### WORK TASK
Look through the data below and extract, unchanged, the lines from the one that contains "#3950 = ORIENTED_EDGE" to the one that contains "#4913 = PLANE", both included.

Extracted data entries
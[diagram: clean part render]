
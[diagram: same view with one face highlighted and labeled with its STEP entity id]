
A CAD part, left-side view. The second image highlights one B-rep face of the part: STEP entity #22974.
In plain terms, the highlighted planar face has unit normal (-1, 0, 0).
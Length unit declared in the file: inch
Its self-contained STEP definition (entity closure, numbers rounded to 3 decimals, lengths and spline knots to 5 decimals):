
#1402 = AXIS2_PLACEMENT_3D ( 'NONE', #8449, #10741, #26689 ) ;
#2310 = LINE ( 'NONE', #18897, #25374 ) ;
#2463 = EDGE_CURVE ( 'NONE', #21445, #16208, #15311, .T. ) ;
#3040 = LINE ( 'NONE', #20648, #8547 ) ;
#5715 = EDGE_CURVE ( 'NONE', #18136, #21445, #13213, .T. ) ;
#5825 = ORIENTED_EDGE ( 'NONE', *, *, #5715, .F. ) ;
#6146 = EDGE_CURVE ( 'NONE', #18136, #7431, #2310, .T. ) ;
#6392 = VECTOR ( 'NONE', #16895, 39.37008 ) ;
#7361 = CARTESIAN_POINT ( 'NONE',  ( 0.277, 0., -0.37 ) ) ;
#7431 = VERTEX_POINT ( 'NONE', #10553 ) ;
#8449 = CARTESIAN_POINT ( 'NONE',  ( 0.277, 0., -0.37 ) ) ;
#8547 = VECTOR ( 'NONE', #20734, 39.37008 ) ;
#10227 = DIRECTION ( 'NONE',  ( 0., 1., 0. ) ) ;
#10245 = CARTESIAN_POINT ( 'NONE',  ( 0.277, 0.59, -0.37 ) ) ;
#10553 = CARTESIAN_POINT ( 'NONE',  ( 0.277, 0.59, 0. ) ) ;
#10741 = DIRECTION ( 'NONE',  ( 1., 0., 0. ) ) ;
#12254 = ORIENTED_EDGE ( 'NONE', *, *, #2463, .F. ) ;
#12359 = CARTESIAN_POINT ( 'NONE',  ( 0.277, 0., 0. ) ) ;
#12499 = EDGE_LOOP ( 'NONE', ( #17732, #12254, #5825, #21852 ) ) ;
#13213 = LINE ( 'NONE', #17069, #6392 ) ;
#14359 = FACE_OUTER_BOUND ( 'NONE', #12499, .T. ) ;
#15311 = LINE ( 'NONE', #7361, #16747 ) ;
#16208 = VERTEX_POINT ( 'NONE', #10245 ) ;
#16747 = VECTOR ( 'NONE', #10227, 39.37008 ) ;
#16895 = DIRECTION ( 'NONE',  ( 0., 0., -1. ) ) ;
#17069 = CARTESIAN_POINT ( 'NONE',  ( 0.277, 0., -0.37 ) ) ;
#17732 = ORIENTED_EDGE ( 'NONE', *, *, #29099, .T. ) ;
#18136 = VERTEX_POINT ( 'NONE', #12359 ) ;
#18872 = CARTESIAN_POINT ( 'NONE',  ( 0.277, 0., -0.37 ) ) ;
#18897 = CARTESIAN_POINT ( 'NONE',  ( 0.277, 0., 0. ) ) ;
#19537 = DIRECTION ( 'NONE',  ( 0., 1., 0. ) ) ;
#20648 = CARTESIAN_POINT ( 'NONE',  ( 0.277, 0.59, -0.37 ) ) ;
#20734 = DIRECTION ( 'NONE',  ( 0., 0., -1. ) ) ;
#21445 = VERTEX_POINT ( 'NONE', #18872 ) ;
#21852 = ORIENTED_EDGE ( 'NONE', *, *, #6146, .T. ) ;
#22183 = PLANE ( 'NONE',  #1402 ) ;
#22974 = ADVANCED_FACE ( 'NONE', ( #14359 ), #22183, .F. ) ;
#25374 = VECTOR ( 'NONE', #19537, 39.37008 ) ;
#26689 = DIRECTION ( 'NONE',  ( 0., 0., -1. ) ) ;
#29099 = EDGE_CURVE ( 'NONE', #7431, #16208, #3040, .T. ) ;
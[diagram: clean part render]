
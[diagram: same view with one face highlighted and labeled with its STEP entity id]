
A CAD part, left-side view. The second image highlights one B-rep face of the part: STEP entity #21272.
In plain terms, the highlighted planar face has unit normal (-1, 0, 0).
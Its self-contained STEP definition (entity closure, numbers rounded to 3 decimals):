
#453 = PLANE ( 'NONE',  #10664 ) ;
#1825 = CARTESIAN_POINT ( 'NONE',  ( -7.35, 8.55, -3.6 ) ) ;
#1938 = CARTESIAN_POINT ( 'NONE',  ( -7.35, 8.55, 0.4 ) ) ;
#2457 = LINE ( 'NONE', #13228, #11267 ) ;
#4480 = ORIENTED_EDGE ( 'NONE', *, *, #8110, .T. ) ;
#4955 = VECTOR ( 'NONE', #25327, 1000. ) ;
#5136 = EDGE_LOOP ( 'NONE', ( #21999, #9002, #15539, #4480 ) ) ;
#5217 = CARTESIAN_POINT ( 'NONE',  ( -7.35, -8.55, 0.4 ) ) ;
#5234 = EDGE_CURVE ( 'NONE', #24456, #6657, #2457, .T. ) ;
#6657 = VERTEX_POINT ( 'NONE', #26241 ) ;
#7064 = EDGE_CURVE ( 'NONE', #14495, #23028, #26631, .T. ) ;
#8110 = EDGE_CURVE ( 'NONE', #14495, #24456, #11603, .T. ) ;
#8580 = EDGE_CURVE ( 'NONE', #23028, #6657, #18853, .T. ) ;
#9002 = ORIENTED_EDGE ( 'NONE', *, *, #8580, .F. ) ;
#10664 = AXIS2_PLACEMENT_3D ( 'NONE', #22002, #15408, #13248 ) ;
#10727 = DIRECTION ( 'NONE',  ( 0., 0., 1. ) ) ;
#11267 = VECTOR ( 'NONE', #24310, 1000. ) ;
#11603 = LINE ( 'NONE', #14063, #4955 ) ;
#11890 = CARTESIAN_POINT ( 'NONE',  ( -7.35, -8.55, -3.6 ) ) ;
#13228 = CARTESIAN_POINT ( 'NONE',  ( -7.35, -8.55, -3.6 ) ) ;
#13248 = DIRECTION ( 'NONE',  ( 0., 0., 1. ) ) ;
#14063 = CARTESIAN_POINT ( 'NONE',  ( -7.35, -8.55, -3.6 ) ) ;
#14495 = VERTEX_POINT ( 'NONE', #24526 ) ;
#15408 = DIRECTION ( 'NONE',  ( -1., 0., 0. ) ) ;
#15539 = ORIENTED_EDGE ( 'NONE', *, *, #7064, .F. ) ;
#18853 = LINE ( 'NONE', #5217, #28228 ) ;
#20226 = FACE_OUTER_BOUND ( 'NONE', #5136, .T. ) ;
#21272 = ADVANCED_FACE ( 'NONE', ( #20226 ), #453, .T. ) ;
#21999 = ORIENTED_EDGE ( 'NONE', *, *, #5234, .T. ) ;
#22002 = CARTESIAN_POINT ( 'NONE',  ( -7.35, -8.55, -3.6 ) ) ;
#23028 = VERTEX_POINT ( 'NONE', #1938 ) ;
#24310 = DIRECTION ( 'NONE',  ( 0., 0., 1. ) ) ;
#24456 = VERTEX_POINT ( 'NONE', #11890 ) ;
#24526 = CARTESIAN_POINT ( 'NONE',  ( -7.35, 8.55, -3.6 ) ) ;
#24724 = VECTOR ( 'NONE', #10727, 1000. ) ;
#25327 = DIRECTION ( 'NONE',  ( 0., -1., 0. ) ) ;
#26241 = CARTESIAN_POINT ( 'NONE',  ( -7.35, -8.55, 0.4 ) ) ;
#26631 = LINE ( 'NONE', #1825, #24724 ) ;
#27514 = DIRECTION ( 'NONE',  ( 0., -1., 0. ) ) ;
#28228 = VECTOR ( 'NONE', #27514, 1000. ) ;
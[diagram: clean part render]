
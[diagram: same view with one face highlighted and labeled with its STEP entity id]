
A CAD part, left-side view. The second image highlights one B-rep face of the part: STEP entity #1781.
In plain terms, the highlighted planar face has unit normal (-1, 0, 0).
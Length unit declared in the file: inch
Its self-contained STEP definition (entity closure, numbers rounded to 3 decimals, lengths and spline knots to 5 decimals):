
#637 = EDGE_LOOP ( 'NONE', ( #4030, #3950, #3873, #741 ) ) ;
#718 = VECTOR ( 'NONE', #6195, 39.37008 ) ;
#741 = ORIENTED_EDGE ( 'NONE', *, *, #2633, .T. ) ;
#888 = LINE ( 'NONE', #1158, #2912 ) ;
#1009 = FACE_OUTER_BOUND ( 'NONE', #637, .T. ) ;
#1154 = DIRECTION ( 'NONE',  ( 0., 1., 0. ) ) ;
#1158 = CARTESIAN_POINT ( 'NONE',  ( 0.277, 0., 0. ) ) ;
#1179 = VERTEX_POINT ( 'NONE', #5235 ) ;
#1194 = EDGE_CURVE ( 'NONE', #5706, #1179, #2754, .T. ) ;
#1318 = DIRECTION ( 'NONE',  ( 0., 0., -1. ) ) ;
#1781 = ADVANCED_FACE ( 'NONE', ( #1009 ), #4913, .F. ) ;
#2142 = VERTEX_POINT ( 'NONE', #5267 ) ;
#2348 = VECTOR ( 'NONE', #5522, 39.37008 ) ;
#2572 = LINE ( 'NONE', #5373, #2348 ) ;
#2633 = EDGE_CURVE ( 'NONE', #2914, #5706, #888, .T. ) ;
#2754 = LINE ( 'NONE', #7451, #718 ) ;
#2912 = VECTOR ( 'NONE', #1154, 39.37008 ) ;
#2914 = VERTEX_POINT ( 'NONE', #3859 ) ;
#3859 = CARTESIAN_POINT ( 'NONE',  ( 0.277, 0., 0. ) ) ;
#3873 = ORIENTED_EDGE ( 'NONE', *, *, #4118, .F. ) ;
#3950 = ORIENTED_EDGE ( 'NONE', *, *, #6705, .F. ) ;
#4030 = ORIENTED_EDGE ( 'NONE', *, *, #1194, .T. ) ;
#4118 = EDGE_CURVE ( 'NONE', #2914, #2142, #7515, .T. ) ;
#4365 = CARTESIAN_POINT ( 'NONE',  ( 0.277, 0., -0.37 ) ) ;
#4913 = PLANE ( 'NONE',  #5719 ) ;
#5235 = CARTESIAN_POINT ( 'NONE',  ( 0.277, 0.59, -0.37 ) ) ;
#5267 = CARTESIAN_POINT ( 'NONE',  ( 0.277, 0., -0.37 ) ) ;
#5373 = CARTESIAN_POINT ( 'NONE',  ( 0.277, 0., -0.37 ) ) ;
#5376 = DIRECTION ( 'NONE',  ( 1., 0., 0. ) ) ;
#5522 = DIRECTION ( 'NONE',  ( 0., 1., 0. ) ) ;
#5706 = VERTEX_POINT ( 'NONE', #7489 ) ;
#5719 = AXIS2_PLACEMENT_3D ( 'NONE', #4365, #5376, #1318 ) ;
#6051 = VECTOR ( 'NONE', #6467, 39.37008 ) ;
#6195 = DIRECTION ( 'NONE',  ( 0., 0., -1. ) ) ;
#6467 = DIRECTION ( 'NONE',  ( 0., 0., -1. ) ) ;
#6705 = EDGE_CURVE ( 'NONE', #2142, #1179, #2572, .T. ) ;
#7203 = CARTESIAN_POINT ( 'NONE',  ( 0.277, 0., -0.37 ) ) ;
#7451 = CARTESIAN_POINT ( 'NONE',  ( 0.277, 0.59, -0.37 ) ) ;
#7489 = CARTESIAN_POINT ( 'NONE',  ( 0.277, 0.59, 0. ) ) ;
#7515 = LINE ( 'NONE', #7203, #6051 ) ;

### ANSWER BOX
#3950 = ORIENTED_EDGE ( 'NONE', *, *, #6705, .F. ) ;
#4030 = ORIENTED_EDGE ( 'NONE', *, *, #1194, .T. ) ;
#4118 = EDGE_CURVE ( 'NONE', #2914, #2142, #7515, .T. ) ;
#4365 = CARTESIAN_POINT ( 'NONE',  ( 0.277, 0., -0.37 ) ) ;
#4913 = PLANE ( 'NONE',  #5719 ) ;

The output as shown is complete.